Des coiffeuses sans-papiers du quartier de Château d'Eau à Paris et la CGT du commerce, qui les soutient, ont porté plainte début août pour "traite d'êtres humains, travail dissimulé et faillite frauduleuse", a indiqué le syndicat vendredi lors d'une conférence de presse.
Depuis le 24 juillet, une vingtaines de salariées originaires de la Côte d'Ivoire, de la Guinée, du Nigeria ou du Mali, occupent à tour de rôle leur salon au 57, boulevard de Strasbourg, près de la Gare de l'Est. Elles étaient payées "à la tâche" (ce qui est illégal) près de 400 euros par mois en travaillant 7 jours sur 7, de 9H à 23H le soir. Elles se sont mises en grève le 22 mai et ont obtenu début juin, sous la pression de la CGT, des contrats de travail.
Mais, le 8 juillet, l'employeur a déposé le bilan. Salariées et CGT ont alors porté plainte le 6 août pour "traite d'êtres humains, faillite frauduleuse, escroquerie, conditions de travail indignes, abus de vulnérabilité, rétribution inexistante ou insuffisante", selon la CGT.
"On est dans un véritable système d'exploitation organisé de travailleurs vulnérables. Elles travaillent dans des conditions déplorables avec des produits chimiques achetés à bas prix", a déclaré Marilyne Poulain, responsable à la CGT du commerce parisien lors de la conférence de presse organisée dans le salon de coiffure. "C'est une zone de non-droit du travail.
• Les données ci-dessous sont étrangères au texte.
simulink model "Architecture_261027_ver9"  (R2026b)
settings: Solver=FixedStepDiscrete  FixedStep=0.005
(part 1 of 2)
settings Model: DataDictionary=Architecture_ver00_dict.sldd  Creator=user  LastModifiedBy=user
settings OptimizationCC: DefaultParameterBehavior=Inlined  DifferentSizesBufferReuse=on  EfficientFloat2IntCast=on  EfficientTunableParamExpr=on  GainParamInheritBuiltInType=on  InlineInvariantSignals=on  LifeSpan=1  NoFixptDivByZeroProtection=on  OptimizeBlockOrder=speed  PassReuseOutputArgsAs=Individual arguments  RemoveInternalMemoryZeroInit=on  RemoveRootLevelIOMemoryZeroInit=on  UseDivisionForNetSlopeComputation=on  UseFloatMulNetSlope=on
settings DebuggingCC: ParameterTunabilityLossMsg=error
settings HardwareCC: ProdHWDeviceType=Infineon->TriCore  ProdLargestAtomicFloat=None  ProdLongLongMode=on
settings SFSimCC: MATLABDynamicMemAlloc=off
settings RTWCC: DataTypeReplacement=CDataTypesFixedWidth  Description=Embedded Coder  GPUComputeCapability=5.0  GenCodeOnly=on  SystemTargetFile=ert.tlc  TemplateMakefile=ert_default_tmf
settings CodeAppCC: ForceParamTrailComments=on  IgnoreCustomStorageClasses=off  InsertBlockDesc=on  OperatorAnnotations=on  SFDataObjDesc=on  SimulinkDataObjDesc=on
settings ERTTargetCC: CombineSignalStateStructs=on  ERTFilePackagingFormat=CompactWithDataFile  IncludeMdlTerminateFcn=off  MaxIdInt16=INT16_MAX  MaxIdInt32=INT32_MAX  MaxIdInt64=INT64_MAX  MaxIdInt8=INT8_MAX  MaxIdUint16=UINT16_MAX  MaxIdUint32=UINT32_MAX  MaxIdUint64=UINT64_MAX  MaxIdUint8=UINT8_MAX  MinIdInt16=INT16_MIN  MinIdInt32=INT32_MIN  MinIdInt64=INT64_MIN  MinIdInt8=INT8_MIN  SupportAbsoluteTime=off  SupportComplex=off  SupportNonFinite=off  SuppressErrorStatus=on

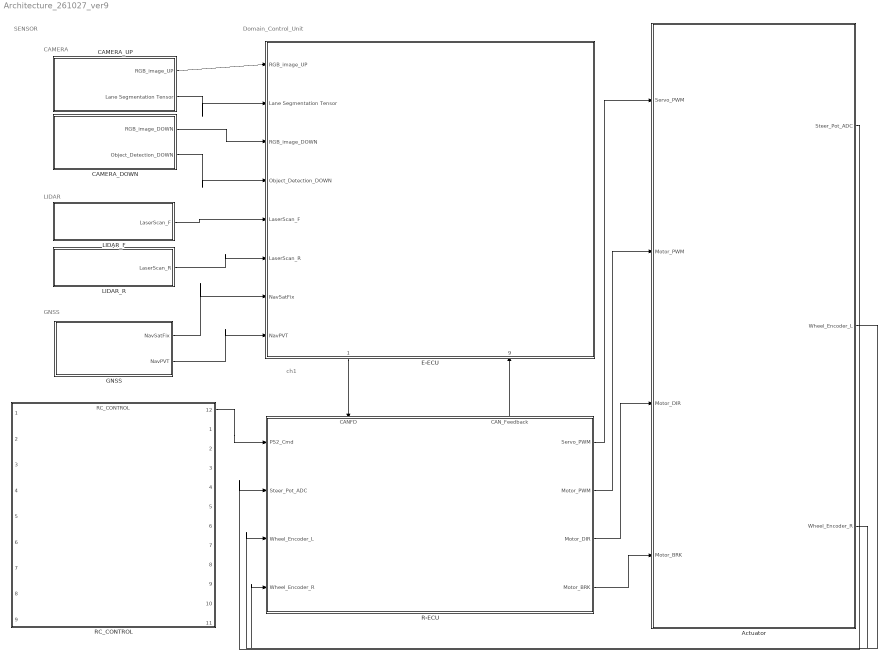
== system Architecture_261027_ver9 ==
  note: ch1
  note: Domain_Control_Unit
  note: SENSOR
  note: CAMERA
  note: GNSS
  note: LIDAR
  Actuator : Subsystem
      settings: PortSchema="{\"entries\":[{\"content\":{\"headerSize\":26,\"margin\":15,\"minimumSpacing\":25,\"sides\":[{\"content\":{\"connectorIds\":[\"In1\",\"In2\",\"In4\",\"In3\"]},\"type\":\"ConnectorPlacement.EquallySpacedRectSide\",\"uuid\":\"5be6b78a-1fb5-4892-a059-20486cb8da03\"},{\"content\":{\"connectorIds\":[\"Out2\",\"Out1\",\"Out3\"],\"side\":\"RIGHT\"},\"type\":\"ConnectorPlacement.EquallySpacedRectSide\",\"uuid\":\"6033bdc5-529e-4fd7-96df-de1a61a0c34f\"},{\"content\":{\"side\":\"TOP\"},\"type\":\"ConnectorPlacement.EquallySpacedRectSide\",\"uuid\":\"4d265f78-1951-4f58-a661-9dd8a9ad83fa\"}]},\"type\":\"ConnectorPlacement.EquallySpacedConnector\",\"uuid\":\"a5be31a5-398c-4cfa-a3f1-90989462f386\"}],\"packageUris\":[\"http://schema.mathworks.com/mf0/Connector/R2020b\"],\"version\":\"1.0\"}"
  CAMERA_DOWN : Subsystem
      settings: PortSchema="{\"entries\":[{\"content\":{\"headerSize\":26,\"margin\":15,\"minimumSpacing\":25,\"sides\":[{\"content\":{},\"type\":\"ConnectorPlacement.EquallySpacedRectSide\",\"uuid\":\"5be6b78a-1fb5-4892-a059-20486cb8da03\"},{\"content\":{\"connectorIds\":[\"Out1\",\"Out2\"],\"side\":\"RIGHT\"},\"type\":\"ConnectorPlacement.EquallySpacedRectSide\",\"uuid\":\"6033bdc5-529e-4fd7-96df-de1a61a0c34f\"},{\"content\":{\"side\":\"TOP\"},\"type\":\"ConnectorPlacement.EquallySpacedRectSide\",\"uuid\":\"4d265f78-1951-4f58-a661-9dd8a9ad83fa\"}]},\"type\":\"ConnectorPlacement.EquallySpacedConnector\",\"uuid\":\"a5be31a5-398c-4cfa-a3f1-90989462f386\"}],\"packageUris\":[\"http://schema.mathworks.com/mf0/Connector/R2020b\"],\"version\":\"1.0\"}"
  CAMERA_UP : Subsystem
      settings: PortSchema="{\"entries\":[{\"content\":{\"headerSize\":26,\"margin\":15,\"minimumSpacing\":25,\"sides\":[{\"content\":{},\"type\":\"ConnectorPlacement.EquallySpacedRectSide\",\"uuid\":\"5be6b78a-1fb5-4892-a059-20486cb8da03\"},{\"content\":{\"connectorIds\":[\"Out1\",\"Out2\"],\"side\":\"RIGHT\"},\"type\":\"ConnectorPlacement.EquallySpacedRectSide\",\"uuid\":\"6033bdc5-529e-4fd7-96df-de1a61a0c34f\"},{\"content\":{\"side\":\"TOP\"},\"type\":\"ConnectorPlacement.EquallySpacedRectSide\",\"uuid\":\"4d265f78-1951-4f58-a661-9dd8a9ad83fa\"}]},\"type\":\"ConnectorPlacement.EquallySpacedConnector\",\"uuid\":\"a5be31a5-398c-4cfa-a3f1-90989462f386\"}],\"packageUris\":[\"http://schema.mathworks.com/mf0/Connector/R2020b\"],\"version\":\"1.0\"}"
  E-ECU : Subsystem
      settings: PortSchema="{\"entries\":[{\"content\":{\"headerSize\":26,\"margin\":15,\"minimumSpacing\":25,\"sides\":[{\"content\":{\"connectorIds\":[\"In1\",\"In2\",\"In3\",\"In4\",\"In5\",\"In6\",\"In7\",\"In8\"]},\"type\":\"ConnectorPlacement.EquallySpacedRectSide\",\"uuid\":\"10eeddd2-005b-4c36-905d-85150b5a76ba\"},{\"content\":{\"side\":\"RIGHT\"},\"type\":\"ConnectorPlacement.EquallySpacedRectSide\",\"uuid\":\"bedc3a09-ff49-49cc-a7fa-ee3f02f55a8a\"},{\"content\":{\"side\":\"TOP\"},\"type\":\"ConnectorPlacement.EquallySpacedRectSide\",\"uuid\":\"08175ed9-a39d-44a1-a51d-de8180bc2cb7\"},{\"content\":{\"connectorIds\":[\"Out1\",\"In9\"],\"side\":\"BOTTOM\"},\"type\":\"ConnectorPlacement.EquallySpacedRectSide\",\"uuid\":\"733d255f-bca5-45f8-986d-3d6c4c00fa39\"}]},\"type\":\"ConnectorPlacement.EquallySpacedConnector\",\"uuid\":\"c3651b75-d651-4d18-be21-a5b7754dce1a\"}],\"packageUris\":[\"http://schema.mathworks.com/mf0/Connector/R2020b\"],\"version\":\"1.0\"}"
  GNSS : Subsystem
      settings: PortSchema="{\"entries\":[{\"content\":{\"headerSize\":26,\"margin\":15,\"minimumSpacing\":25,\"sides\":[{\"content\":{},\"type\":\"ConnectorPlacement.EquallySpacedRectSide\",\"uuid\":\"5be6b78a-1fb5-4892-a059-20486cb8da03\"},{\"content\":{\"connectorIds\":[\"Out1\",\"Out2\"],\"side\":\"RIGHT\"},\"type\":\"ConnectorPlacement.EquallySpacedRectSide\",\"uuid\":\"6033bdc5-529e-4fd7-96df-de1a61a0c34f\"},{\"content\":{\"side\":\"TOP\"},\"type\":\"ConnectorPlacement.EquallySpacedRectSide\",\"uuid\":\"4d265f78-1951-4f58-a661-9dd8a9ad83fa\"}]},\"type\":\"ConnectorPlacement.EquallySpacedConnector\",\"uuid\":\"a5be31a5-398c-4cfa-a3f1-90989462f386\"}],\"packageUris\":[\"http://schema.mathworks.com/mf0/Connector/R2020b\"],\"version\":\"1.0\"}"
  LIDAR_F : Subsystem
      settings: PortSchema="{\"entries\":[{\"content\":{\"headerSize\":26,\"margin\":15,\"minimumSpacing\":25,\"sides\":[{\"content\":{},\"type\":\"ConnectorPlacement.EquallySpacedRectSide\",\"uuid\":\"5be6b78a-1fb5-4892-a059-20486cb8da03\"},{\"content\":{\"connectorIds\":[\"Out1\"],\"side\":\"RIGHT\"},\"type\":\"ConnectorPlacement.EquallySpacedRectSide\",\"uuid\":\"6033bdc5-529e-4fd7-96df-de1a61a0c34f\"},{\"content\":{\"side\":\"TOP\"},\"type\":\"ConnectorPlacement.EquallySpacedRectSide\",\"uuid\":\"4d265f78-1951-4f58-a661-9dd8a9ad83fa\"}]},\"type\":\"ConnectorPlacement.EquallySpacedConnector\",\"uuid\":\"a5be31a5-398c-4cfa-a3f1-90989462f386\"}],\"packageUris\":[\"http://schema.mathworks.com/mf0/Connector/R2020b\"],\"version\":\"1.0\"}"
  LIDAR_R : Subsystem
      settings: PortSchema="{\"entries\":[{\"content\":{\"headerSize\":26,\"margin\":15,\"minimumSpacing\":25,\"sides\":[{\"content\":{},\"type\":\"ConnectorPlacement.EquallySpacedRectSide\",\"uuid\":\"5be6b78a-1fb5-4892-a059-20486cb8da03\"},{\"content\":{\"connectorIds\":[\"Out1\"],\"side\":\"RIGHT\"},\"type\":\"ConnectorPlacement.EquallySpacedRectSide\",\"uuid\":\"6033bdc5-529e-4fd7-96df-de1a61a0c34f\"},{\"content\":{\"side\":\"TOP\"},\"type\":\"ConnectorPlacement.EquallySpacedRectSide\",\"uuid\":\"4d265f78-1951-4f58-a661-9dd8a9ad83fa\"}]},\"type\":\"ConnectorPlacement.EquallySpacedConnector\",\"uuid\":\"a5be31a5-398c-4cfa-a3f1-90989462f386\"}],\"packageUris\":[\"http://schema.mathworks.com/mf0/Connector/R2020b\"],\"version\":\"1.0\"}"
  R-ECU : Subsystem
      settings: PortSchema="{\"entries\":[{\"content\":{\"headerSize\":26,\"margin\":15,\"minimumSpacing\":25,\"sides\":[{\"content\":{\"connectorIds\":[\"In1\",\"In3\",\"In2\",\"In4\"]},\"type\":\"ConnectorPlacement.EquallySpacedRectSide\",\"uuid\":\"5be6b78a-1fb5-4892-a059-20486cb8da03\"},{\"content\":{\"connectorIds\":[\"Out2\",\"Out4\",\"Out3\",\"Out5\"],\"side\":\"RIGHT\"},\"type\":\"ConnectorPlacement.EquallySpacedRectSide\",\"uuid\":\"6033bdc5-529e-4fd7-96df-de1a61a0c34f\"},{\"content\":{\"connectorIds\":[\"In5\",\"Out1\"],\"side\":\"TOP\"},\"type\":\"ConnectorPlacement.EquallySpacedRectSide\",\"uuid\":\"4d265f78-1951-4f58-a661-9dd8a9ad83fa\"}]},\"type\":\"ConnectorPlacement.EquallySpacedConnector\",\"uuid\":\"a5be31a5-398c-4cfa-a3f1-90989462f386\"}],\"packageUris\":[\"http://schema.mathworks.com/mf0/Connector/R2020b\"],\"version\":\"1.0\"}"
  RC_CONTROL : ModelReference  ModelNameDialog=RC_CONTROL  SimulationMode=Normal  ModelReferenceVersion=1.10
      settings: PortSchema="{\"entries\":[{\"content\":{\"headerSize\":38,\"margin\":15,\"minimumSpacing\":25,\"sides\":[{\"content\":{\"connectorIds\":[\"In1\",\"In2\",\"In3\",\"In4\",\"In5\",\"In6\",\"In7\",\"In8\",\"In9\"]},\"type\":\"ConnectorPlacement.EquallySpacedRectSide\",\"uuid\":\"f8644c43-7de7-4551-975f-61d7214ac11a\"},{\"content\":{\"connectorIds\":[\"Out12\",\"Out1\",\"Out2\",\"Out3\",\"Out4\",\"Out5\",\"Out6\",\"Out7\",\"Out8\",\"Out9\",\"Out10\",\"Out11\"],\"side\":\"RIGHT\"},\"type\":\"ConnectorPlacement.EquallySpacedRectSide\",\"uuid\":\"f00a2047-0f06-437d-84ca-9ac4a3f2c44a\"},{\"content\":{\"side\":\"TOP\"},\"type\":\"ConnectorPlacement.EquallySpacedRectSide\",\"uuid\":\"162e5f72-53e9-4ab8-ad74-bc845fd36bb8\"}]},\"type\":\"ConnectorPlacement.EquallySpacedConnector\",\"uuid\":\"4927cb8c-a923-4407-aae2-156d09df746b\"}],\"packageUris\":[\"http://schema.mathworks.com/mf0/Connector/R2020b\"],\"version\":\"1.0\"}"
  wires:
  R-ECU/2(Servo_PWM) -> Actuator/1(Servo_PWM)
  R-ECU/4(Motor_PWM) -> Actuator/2(Motor_PWM)
  R-ECU/5(Motor_BRK) -> Actuator/3(Motor_BRK)
  Actuator/1(Wheel_Encoder_L) -> R-ECU/2(Wheel_Encoder_L)
  Actuator/2(Steer_Pot_ADC) -> R-ECU/3(Steer_Pot_ADC)
  R-ECU/1(CAN_Feedback) -> E-ECU/9("  ")
  E-ECU/1("   ") -> R-ECU/5(CANFD)
  Actuator/3(Wheel_Encoder_R) -> R-ECU/4(Wheel_Encoder_R)
  R-ECU/3(Motor_DIR) -> Actuator/4(Motor_DIR)
  LIDAR_F/1(LaserScan_F) -> E-ECU/5(LaserScan_F)
  LIDAR_R/1(LaserScan_R) -> E-ECU/6(LaserScan_R)
  GNSS/1("NavSatFix ") -> E-ECU/7("NavSatFix ")
  GNSS/2(NavPVT) -> E-ECU/8(NavPVT)
  CAMERA_UP/1(RGB_image_UP) -> E-ECU/1(RGB_image_UP)
  CAMERA_DOWN/1(RGB_image_DOWN) -> E-ECU/3(RGB_image_DOWN)
  CAMERA_DOWN/2(Object_Detection_DOWN) -> E-ECU/4(Object_Detection_DOWN)
  CAMERA_UP/2(Lane Segmentation Tensor) -> E-ECU/2(Lane Segmentation Tensor)
  RC_CONTROL/12 -> R-ECU/1(PS2_Cmd)

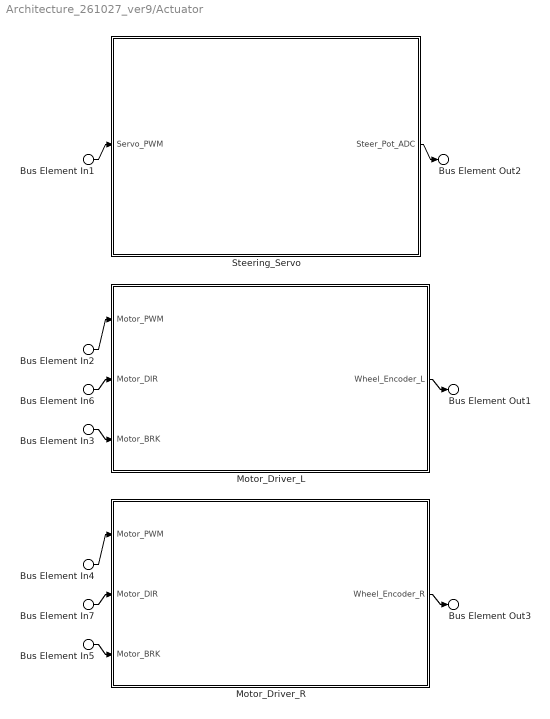
== system Architecture_261027_ver9/Actuator ==
  Bus Element In1 : Inport  PortName=Servo_PWM
  Bus Element In2 : Inport  Port=2  PortName=Motor_PWM
  Bus Element In4 : Inport  Port=2  PortName=Motor_PWM
  Bus Element In3 : Inport  Port=3  PortName=Motor_BRK
  Bus Element In5 : Inport  Port=3  PortName=Motor_BRK
  Bus Element In6 : Inport  Port=4  PortName=Motor_DIR
  Bus Element In7 : Inport  Port=4  PortName=Motor_DIR
  Motor_Driver_L : Subsystem
      settings: PortSchema="{\"entries\":[{\"content\":{\"headerSize\":26,\"margin\":15,\"minimumSpacing\":25,\"sides\":[{\"content\":{\"connectorIds\":[\"In1\",\"In2\",\"In3\"]},\"type\":\"ConnectorPlacement.EquallySpacedRectSide\",\"uuid\":\"5be6b78a-1fb5-4892-a059-20486cb8da03\"},{\"content\":{\"connectorIds\":[\"Out1\"],\"side\":\"RIGHT\"},\"type\":\"ConnectorPlacement.EquallySpacedRectSide\",\"uuid\":\"6033bdc5-529e-4fd7-96df-de1a61a0c34f\"},{\"content\":{\"side\":\"TOP\"},\"type\":\"ConnectorPlacement.EquallySpacedRectSide\",\"uuid\":\"4d265f78-1951-4f58-a661-9dd8a9ad83fa\"}]},\"type\":\"ConnectorPlacement.EquallySpacedConnector\",\"uuid\":\"a5be31a5-398c-4cfa-a3f1-90989462f386\"}],\"packageUris\":[\"http://schema.mathworks.com/mf0/Connector/R2020b\"],\"version\":\"1.0\"}"
  Motor_Driver_R : Subsystem
      settings: PortSchema="{\"entries\":[{\"content\":{\"headerSize\":26,\"margin\":15,\"minimumSpacing\":25,\"sides\":[{\"content\":{\"connectorIds\":[\"In1\",\"In2\",\"In3\"]},\"type\":\"ConnectorPlacement.EquallySpacedRectSide\",\"uuid\":\"5be6b78a-1fb5-4892-a059-20486cb8da03\"},{\"content\":{\"connectorIds\":[\"Out1\"],\"side\":\"RIGHT\"},\"type\":\"ConnectorPlacement.EquallySpacedRectSide\",\"uuid\":\"6033bdc5-529e-4fd7-96df-de1a61a0c34f\"},{\"content\":{\"side\":\"TOP\"},\"type\":\"ConnectorPlacement.EquallySpacedRectSide\",\"uuid\":\"4d265f78-1951-4f58-a661-9dd8a9ad83fa\"}]},\"type\":\"ConnectorPlacement.EquallySpacedConnector\",\"uuid\":\"a5be31a5-398c-4cfa-a3f1-90989462f386\"}],\"packageUris\":[\"http://schema.mathworks.com/mf0/Connector/R2020b\"],\"version\":\"1.0\"}"
  Steering_Servo : Subsystem
      settings: PortSchema="{\"entries\":[{\"content\":{\"headerSize\":26,\"margin\":15,\"minimumSpacing\":25,\"sides\":[{\"content\":{\"connectorIds\":[\"In1\"]},\"type\":\"ConnectorPlacement.EquallySpacedRectSide\",\"uuid\":\"5be6b78a-1fb5-4892-a059-20486cb8da03\"},{\"content\":{\"connectorIds\":[\"Out1\"],\"side\":\"RIGHT\"},\"type\":\"ConnectorPlacement.EquallySpacedRectSide\",\"uuid\":\"6033bdc5-529e-4fd7-96df-de1a61a0c34f\"},{\"content\":{\"side\":\"TOP\"},\"type\":\"ConnectorPlacement.EquallySpacedRectSide\",\"uuid\":\"4d265f78-1951-4f58-a661-9dd8a9ad83fa\"}]},\"type\":\"ConnectorPlacement.EquallySpacedConnector\",\"uuid\":\"a5be31a5-398c-4cfa-a3f1-90989462f386\"}],\"packageUris\":[\"http://schema.mathworks.com/mf0/Connector/R2020b\"],\"version\":\"1.0\"}"
  Bus Element Out1 : Outport  PortName=Wheel_Encoder_L
  Bus Element Out2 : Outport  Port=2  PortName=Steer_Pot_ADC
  Bus Element Out3 : Outport  Port=3  PortName=Wheel_Encoder_R
  wires:
  Motor_Driver_L/1(Wheel_Encoder_L) -> Bus Element Out1/1
  Bus Element In1/1 -> Steering_Servo/1(Servo_PWM)
  Bus Element In2/1 -> Motor_Driver_L/1(Motor_PWM)
  Bus Element In3/1 -> Motor_Driver_L/3(Motor_BRK)
  Steering_Servo/1(Steer_Pot_ADC) -> Bus Element Out2/1
  Motor_Driver_R/1(Wheel_Encoder_R) -> Bus Element Out3/1
  Bus Element In4/1 -> Motor_Driver_R/1(Motor_PWM)
  Bus Element In5/1 -> Motor_Driver_R/3(Motor_BRK)
  Bus Element In6/1 -> Motor_Driver_L/2(Motor_DIR)
  Bus Element In7/1 -> Motor_Driver_R/2(Motor_DIR)

== system Architecture_261027_ver9/CAMERA_DOWN ==
  Bus Element Out1 : Outport  PortName=RGB_image_DOWN
  Bus Element Out2 : Outport  Port=2  PortName=Object_Detection_DOWN

== system Architecture_261027_ver9/CAMERA_UP ==
  Bus Element Out1 : Outport  PortName=RGB_image_UP
  Bus Element Out2 : Outport  Port=2  PortName=Lane Segmentation Tensor

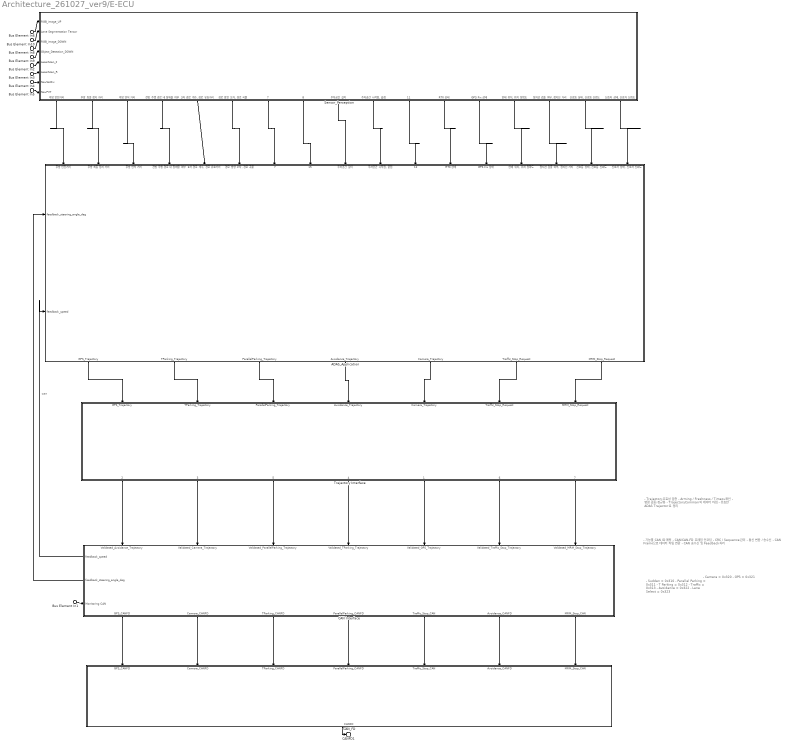
== system Architecture_261027_ver9/E-ECU ==
  note: can
  note: - 기능별 CAN ID 매핑
      | - CAN/CAN-FD 프레임 인코딩
      | - CRC / Sequence 관리
      | - 통신 변환 / 송수신
      | - CAN Frame으로 데이터 타입 변환
      | - CAN 송수신 및 Feedback 처리
  note: - Trajectory 유효성 검증
      | - Arming / Freshness / Timeout 확인
      | - 명령 검증/정규화
      | - TrajectoryCommand의 데이터 타입
      | - 유효한 ADAS Trajectory로 정리
  note: - Camera = 0x320
      | - GPS = 0x321
  note: - Sudden = 0x310
      | - Parallel Parking = 0x311
      | - T Parking = 0x312
      | - Traffic = 0x313
      | - Avoidance = 0x322
      | - Lane Select = 0x323
  Bus Element In6 : Inport  PortName=RGB_image_UP
  Bus Element In10 : Inport  Port=2  PortName=Lane Segmentation Tensor
  Bus Element In8 : Inport  Port=3  PortName=RGB_image_DOWN
  Bus Element In9 : Inport  Port=4  PortName=Object_Detection_DOWN
  Bus Element In2 : Inport  Port=5  PortName=LaserScan_F
  Bus Element In3 : Inport  Port=6  PortName=LaserScan_R
  Bus Element In4 : Inport  Port=7  PortName=NavSatFix
  Bus Element In5 : Inport  Port=8  PortName=NavPVT
  Bus Element In1 : Inport  Port=9  PortName=""
  ADAS_Application : Subsystem
      settings: PortSchema="{\"entries\":[{\"content\":{\"headerSize\":26,\"margin\":15,\"minimumSpacing\":25,\"sides\":[{\"content\":{\"connectorIds\":[\"In5\",\"In8\"]},\"type\":\"ConnectorPlacement.EquallySpacedRectSide\",\"uuid\":\"47be2e05-6379-4865-963e-e2af5bd447f4\"},{\"content\":{\"side\":\"RIGHT\"},\"type\":\"ConnectorPlacement.EquallySpacedRectSide\",\"uuid\":\"eee9a279-489d-42b1-868c-6501adb5baa4\"},{\"content\":{\"connectorIds\":[\"In19\",\"In18\",\"In17\",\"In16\",\"In4\",\"In6\",\"In7\",\"In15\",\"In14\",\"In13\",\"In12\",\"In11\",\"In10\",\"In9\",\"In2\",\"In1\",\"In3\"],\"side\":\"TOP\"},\"type\":\"ConnectorPlacement.EquallySpacedRectSide\",\"uuid\":\"1fb23197-7de0-4afe-988c-73e75d3e5644\"},{\"content\":{\"connectorIds\":[\"Out1\",\"Out2\",\"Out3\",\"Out4\",\"Out5\",\"Out7\",\"Out6\"],\"side\":\"BOTTOM\"},\"type\":\"ConnectorPlacement.EquallySpacedRectSide\",\"uuid\":\"4316405c-13a5-45fc-a271-26a0825c33e2\"}]},\"type\":\"ConnectorPlacement.EquallySpacedConnector\",\"uuid\":\"0ef4e16f-7381-4a8b-98d2-b00a0700ad12\"}],\"packageUris\":[\"http://schema.mathworks.com/mf0/Connector/R2020b\"],\"version\":\"1.0\"}"
  CAN Interface : Subsystem
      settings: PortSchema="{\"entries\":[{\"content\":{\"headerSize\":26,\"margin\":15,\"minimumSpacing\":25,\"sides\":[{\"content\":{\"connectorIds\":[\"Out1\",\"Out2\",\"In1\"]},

Il faut que les services de police enquêtent et assurent la protection de ces salariés", a-t-elle insisté.
Aminata (Guinée, 19 ans), Massandie (de Côte d'Ivoire, 25 ans), Aïcha (du Mali, 42 ans) témoignent toutes des intimidations des nombreux exploitants de salons du quartier. "On nous dit que c'est une cause perdue. Gagner le Smic à Château d'Eau, ce n'est pas possible ! Si nous perdons cette lutte pour obtenir des indemnités et des papiers, cela enverra un très mauvais signal pour les gens qui travaillent ici", a souligné Massandie. "Ils se moquent de nous et nous disent qu'on ne va plus jamais trouver du travail sur le boulevard", a poursuivi Aminata.
Dans l'après-midi, la CGT a écrit une lettre ouverte au Préfet de police de Paris, lui demandant une "protection immédiate" pour les salariés "par l'obtention d'un titre de séjour".
La CGT rappelle que dans la circulaire Besson (février 2009), "il est important que le salarié qui porte plainte puisse avoir accès au travail pour sortir du milieu dans lequel il a subi une exploitation" et "ne pas renouer avec le milieu de la traite ou de la prostitution".